__Required action__
Records follow. Pull out every line that contains "pattern".

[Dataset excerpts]
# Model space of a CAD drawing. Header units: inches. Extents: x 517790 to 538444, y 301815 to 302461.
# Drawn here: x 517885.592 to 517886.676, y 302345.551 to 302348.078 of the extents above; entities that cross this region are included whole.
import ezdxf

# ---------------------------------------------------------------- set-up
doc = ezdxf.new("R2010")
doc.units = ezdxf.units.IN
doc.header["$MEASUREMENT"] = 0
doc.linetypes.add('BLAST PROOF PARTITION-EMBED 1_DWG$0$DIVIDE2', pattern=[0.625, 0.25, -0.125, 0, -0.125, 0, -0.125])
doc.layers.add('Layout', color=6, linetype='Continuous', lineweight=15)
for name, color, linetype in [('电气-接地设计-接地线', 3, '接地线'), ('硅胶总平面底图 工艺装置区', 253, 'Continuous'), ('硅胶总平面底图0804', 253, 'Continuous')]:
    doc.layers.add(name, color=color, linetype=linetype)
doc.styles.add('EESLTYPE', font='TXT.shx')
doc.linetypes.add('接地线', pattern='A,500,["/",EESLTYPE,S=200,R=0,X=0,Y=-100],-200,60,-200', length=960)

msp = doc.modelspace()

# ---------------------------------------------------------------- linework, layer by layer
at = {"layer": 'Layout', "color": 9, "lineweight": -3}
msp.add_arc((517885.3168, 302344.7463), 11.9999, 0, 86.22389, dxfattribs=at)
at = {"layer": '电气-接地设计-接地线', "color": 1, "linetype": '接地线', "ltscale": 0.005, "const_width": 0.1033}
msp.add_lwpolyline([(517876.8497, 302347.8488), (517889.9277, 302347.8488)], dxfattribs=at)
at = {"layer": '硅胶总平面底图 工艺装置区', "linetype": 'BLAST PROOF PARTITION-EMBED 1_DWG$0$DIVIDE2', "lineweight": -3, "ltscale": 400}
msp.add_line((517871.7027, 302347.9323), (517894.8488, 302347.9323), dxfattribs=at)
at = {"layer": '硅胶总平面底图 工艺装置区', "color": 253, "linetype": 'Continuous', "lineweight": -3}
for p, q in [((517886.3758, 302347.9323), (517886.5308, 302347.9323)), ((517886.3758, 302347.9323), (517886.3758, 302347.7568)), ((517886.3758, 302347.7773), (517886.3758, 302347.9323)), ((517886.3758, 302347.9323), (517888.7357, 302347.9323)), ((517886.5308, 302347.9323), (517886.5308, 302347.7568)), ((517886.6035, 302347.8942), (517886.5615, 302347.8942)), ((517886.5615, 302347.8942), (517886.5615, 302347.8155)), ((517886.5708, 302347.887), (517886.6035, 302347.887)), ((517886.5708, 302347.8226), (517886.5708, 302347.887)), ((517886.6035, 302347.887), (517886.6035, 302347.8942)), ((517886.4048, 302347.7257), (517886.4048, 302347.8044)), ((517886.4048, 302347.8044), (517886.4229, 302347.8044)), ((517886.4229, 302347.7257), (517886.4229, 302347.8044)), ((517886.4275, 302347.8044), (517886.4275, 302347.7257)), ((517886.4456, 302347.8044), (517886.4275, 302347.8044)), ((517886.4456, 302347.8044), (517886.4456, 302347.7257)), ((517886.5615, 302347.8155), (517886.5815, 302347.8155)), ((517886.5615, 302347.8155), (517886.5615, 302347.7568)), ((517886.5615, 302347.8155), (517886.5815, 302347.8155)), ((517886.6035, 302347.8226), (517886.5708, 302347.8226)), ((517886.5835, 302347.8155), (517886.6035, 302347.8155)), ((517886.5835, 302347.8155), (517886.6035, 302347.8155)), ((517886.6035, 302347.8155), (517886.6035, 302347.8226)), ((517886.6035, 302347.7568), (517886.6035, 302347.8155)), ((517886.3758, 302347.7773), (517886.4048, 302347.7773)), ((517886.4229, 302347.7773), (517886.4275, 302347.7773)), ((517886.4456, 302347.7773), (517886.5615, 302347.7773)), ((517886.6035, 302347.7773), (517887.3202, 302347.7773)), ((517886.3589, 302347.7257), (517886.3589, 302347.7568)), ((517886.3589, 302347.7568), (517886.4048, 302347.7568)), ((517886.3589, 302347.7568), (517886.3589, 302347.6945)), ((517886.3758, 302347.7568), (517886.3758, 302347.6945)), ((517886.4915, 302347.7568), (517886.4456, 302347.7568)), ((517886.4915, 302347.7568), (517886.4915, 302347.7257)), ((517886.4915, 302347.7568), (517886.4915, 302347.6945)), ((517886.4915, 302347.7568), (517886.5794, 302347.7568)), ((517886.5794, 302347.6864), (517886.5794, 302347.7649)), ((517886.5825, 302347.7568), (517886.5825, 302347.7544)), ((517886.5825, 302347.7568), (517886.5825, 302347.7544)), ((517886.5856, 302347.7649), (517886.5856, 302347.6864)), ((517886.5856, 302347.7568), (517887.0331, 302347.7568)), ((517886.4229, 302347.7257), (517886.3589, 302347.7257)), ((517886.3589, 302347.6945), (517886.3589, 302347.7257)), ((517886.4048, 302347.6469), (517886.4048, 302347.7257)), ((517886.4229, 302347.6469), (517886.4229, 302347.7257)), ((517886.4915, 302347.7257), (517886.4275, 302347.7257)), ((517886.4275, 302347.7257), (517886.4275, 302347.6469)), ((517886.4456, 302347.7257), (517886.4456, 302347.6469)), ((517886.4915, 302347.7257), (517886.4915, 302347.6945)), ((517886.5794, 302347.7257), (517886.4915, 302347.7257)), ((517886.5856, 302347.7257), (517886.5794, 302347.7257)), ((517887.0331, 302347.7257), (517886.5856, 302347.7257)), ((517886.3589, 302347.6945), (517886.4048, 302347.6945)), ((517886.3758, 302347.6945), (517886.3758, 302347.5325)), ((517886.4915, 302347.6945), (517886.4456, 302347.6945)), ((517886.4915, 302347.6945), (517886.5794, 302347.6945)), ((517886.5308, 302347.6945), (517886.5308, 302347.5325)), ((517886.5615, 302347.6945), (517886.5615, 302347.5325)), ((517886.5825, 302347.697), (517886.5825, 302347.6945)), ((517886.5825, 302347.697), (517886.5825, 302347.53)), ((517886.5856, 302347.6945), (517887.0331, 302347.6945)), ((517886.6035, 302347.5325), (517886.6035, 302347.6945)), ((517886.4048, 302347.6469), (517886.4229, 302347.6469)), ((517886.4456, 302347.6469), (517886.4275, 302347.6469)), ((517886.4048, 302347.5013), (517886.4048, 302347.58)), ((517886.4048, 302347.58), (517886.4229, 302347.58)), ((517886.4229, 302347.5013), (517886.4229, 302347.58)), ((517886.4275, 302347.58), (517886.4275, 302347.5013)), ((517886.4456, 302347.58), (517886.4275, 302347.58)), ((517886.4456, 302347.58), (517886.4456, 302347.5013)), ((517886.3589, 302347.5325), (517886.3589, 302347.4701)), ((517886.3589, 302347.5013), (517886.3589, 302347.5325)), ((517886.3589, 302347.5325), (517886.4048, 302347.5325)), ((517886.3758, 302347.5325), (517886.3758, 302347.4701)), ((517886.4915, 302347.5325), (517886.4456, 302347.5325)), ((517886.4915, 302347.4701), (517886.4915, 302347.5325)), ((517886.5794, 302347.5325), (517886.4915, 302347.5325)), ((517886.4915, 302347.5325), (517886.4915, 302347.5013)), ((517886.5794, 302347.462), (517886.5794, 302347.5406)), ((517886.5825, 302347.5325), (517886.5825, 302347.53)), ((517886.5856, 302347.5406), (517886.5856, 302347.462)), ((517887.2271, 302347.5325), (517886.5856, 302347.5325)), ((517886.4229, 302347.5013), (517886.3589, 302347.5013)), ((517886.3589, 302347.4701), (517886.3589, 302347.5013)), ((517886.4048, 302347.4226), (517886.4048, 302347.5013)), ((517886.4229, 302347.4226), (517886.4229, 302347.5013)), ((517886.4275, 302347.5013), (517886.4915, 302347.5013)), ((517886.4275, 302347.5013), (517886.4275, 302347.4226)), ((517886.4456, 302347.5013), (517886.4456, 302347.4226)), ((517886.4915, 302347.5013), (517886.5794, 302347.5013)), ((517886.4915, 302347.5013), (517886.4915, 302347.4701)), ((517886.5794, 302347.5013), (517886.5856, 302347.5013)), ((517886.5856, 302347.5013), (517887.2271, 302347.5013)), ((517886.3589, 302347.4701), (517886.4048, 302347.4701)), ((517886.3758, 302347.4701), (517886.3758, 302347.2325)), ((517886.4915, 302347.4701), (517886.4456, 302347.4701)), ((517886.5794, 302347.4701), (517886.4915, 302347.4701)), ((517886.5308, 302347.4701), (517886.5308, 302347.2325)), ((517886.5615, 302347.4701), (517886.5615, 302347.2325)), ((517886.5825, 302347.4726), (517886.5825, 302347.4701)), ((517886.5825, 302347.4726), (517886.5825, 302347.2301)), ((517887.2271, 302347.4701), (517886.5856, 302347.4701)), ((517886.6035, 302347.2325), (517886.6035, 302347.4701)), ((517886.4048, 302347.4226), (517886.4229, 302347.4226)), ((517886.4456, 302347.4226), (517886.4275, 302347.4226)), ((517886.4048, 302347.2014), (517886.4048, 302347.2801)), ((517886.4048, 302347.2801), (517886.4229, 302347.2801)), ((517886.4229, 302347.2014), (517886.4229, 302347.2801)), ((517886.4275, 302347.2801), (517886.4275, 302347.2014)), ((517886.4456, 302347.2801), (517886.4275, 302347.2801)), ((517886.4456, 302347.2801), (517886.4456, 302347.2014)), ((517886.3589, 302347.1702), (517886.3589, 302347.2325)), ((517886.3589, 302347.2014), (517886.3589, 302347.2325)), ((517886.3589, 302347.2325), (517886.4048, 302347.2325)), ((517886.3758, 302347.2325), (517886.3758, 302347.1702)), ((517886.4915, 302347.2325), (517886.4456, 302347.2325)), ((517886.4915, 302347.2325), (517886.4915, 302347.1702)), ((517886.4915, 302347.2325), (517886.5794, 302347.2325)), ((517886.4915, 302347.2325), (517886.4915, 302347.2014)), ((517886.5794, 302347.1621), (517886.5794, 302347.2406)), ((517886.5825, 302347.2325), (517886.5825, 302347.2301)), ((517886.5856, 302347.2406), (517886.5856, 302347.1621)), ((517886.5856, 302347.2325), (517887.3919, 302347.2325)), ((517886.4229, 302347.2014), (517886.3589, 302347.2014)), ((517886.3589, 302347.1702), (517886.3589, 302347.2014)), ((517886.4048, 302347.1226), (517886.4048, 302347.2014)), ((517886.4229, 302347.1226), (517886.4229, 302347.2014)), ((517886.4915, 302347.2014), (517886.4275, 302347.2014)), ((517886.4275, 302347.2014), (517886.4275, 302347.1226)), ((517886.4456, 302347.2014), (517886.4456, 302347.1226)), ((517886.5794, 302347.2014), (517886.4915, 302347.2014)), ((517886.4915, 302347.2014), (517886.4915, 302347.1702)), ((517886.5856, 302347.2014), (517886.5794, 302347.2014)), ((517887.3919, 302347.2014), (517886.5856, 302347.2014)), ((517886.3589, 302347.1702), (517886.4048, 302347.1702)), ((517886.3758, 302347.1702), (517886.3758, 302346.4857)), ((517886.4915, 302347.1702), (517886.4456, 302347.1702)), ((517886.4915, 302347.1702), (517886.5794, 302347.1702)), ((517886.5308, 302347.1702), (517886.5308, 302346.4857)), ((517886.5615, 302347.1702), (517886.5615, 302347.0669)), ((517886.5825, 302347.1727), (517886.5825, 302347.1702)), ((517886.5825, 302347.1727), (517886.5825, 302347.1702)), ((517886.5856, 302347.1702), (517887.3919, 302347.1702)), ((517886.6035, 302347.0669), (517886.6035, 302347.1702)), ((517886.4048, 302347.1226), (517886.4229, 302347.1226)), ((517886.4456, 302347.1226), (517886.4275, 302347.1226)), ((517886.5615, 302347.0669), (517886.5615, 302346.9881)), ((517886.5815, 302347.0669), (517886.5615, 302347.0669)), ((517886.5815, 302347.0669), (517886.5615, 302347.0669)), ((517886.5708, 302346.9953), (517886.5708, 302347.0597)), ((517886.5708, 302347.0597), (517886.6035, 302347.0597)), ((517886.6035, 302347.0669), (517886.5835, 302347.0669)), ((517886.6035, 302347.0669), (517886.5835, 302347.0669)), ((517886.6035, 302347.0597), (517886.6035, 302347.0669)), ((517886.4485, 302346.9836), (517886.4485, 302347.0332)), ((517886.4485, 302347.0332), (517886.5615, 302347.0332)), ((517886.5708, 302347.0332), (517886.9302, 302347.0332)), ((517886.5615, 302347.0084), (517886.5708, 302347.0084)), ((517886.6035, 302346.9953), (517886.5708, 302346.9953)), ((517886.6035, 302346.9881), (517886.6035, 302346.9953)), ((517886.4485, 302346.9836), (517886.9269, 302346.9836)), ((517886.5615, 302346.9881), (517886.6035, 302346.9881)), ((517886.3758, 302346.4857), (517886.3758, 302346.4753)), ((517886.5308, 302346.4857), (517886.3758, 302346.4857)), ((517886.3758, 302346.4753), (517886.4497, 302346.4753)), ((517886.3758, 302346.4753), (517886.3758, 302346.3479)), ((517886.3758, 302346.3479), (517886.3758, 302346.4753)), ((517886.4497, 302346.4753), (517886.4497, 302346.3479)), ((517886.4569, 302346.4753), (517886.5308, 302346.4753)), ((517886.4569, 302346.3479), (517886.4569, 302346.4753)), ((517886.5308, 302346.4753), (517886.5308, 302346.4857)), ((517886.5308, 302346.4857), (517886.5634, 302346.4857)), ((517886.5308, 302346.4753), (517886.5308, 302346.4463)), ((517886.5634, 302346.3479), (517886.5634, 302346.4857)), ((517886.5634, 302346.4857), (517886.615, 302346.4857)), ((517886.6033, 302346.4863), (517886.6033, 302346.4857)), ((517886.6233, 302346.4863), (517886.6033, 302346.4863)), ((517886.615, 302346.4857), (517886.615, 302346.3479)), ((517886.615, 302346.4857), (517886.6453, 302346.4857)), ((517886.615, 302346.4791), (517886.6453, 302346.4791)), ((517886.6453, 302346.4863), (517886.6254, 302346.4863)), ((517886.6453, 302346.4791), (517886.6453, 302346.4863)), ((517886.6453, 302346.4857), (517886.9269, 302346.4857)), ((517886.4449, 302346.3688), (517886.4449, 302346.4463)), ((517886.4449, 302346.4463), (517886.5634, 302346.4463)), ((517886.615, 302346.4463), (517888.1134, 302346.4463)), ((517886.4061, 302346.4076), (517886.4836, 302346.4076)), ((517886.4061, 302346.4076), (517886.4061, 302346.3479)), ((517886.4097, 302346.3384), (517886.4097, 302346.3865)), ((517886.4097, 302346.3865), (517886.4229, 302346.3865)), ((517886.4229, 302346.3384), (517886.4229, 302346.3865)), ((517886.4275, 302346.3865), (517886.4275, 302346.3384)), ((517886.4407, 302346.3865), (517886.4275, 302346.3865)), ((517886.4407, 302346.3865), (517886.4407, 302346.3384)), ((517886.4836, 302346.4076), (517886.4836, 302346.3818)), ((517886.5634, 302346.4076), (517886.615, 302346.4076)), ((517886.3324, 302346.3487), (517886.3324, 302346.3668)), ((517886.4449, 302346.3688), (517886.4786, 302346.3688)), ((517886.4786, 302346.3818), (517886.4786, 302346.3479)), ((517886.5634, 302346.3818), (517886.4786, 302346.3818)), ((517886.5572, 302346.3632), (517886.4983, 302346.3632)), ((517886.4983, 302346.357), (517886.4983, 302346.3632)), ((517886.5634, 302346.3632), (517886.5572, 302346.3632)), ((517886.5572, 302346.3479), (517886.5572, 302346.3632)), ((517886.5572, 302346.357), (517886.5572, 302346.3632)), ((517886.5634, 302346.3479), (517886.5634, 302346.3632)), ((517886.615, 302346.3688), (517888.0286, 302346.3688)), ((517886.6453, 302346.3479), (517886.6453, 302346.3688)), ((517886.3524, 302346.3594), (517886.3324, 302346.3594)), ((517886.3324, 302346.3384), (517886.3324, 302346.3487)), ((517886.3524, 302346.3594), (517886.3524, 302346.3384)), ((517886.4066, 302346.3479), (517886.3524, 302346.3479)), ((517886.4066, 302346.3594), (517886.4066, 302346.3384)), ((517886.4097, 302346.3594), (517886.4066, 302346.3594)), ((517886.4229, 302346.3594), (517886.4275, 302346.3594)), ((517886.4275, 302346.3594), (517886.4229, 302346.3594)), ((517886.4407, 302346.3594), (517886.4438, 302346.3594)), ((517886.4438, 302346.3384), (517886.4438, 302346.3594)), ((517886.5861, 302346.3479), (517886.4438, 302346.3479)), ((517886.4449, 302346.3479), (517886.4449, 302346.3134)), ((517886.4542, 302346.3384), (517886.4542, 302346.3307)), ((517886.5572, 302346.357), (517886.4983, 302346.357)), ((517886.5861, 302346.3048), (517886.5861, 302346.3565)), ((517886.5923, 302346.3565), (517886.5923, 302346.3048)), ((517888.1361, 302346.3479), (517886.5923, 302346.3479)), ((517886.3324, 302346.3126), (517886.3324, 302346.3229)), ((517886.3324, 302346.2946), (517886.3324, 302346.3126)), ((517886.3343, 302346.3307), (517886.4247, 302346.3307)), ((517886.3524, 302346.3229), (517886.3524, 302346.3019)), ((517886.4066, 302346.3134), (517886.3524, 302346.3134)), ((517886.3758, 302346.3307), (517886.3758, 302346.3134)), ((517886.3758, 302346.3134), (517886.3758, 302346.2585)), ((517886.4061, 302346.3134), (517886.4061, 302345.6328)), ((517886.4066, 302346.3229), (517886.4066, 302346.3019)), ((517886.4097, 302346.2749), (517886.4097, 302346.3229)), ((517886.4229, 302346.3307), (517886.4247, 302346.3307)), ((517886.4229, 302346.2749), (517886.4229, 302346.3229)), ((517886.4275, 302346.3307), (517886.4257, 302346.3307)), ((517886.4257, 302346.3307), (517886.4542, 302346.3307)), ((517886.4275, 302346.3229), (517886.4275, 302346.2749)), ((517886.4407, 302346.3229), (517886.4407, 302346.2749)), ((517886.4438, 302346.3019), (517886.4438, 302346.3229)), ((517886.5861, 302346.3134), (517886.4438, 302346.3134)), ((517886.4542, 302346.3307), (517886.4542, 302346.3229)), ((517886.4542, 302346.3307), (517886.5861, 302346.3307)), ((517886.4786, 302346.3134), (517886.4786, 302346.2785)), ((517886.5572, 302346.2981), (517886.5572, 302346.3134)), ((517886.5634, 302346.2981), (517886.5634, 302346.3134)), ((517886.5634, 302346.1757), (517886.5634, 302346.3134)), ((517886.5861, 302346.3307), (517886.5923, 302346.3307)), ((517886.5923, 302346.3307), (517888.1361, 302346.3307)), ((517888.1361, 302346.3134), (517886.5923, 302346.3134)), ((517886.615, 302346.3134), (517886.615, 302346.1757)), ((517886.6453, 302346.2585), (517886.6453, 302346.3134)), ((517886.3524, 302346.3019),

__Answer to the problem__
doc.linetypes.add('BLAST PROOF PARTITION-EMBED 1_DWG$0$DIVIDE2', pattern=[0.625, 0.25, -0.125, 0, -0.125, 0, -0.125])
doc.linetypes.add('接地线', pattern='A,500,["/",EESLTYPE,S=200,R=0,X=0,Y=-100],-200,60,-200', length=960)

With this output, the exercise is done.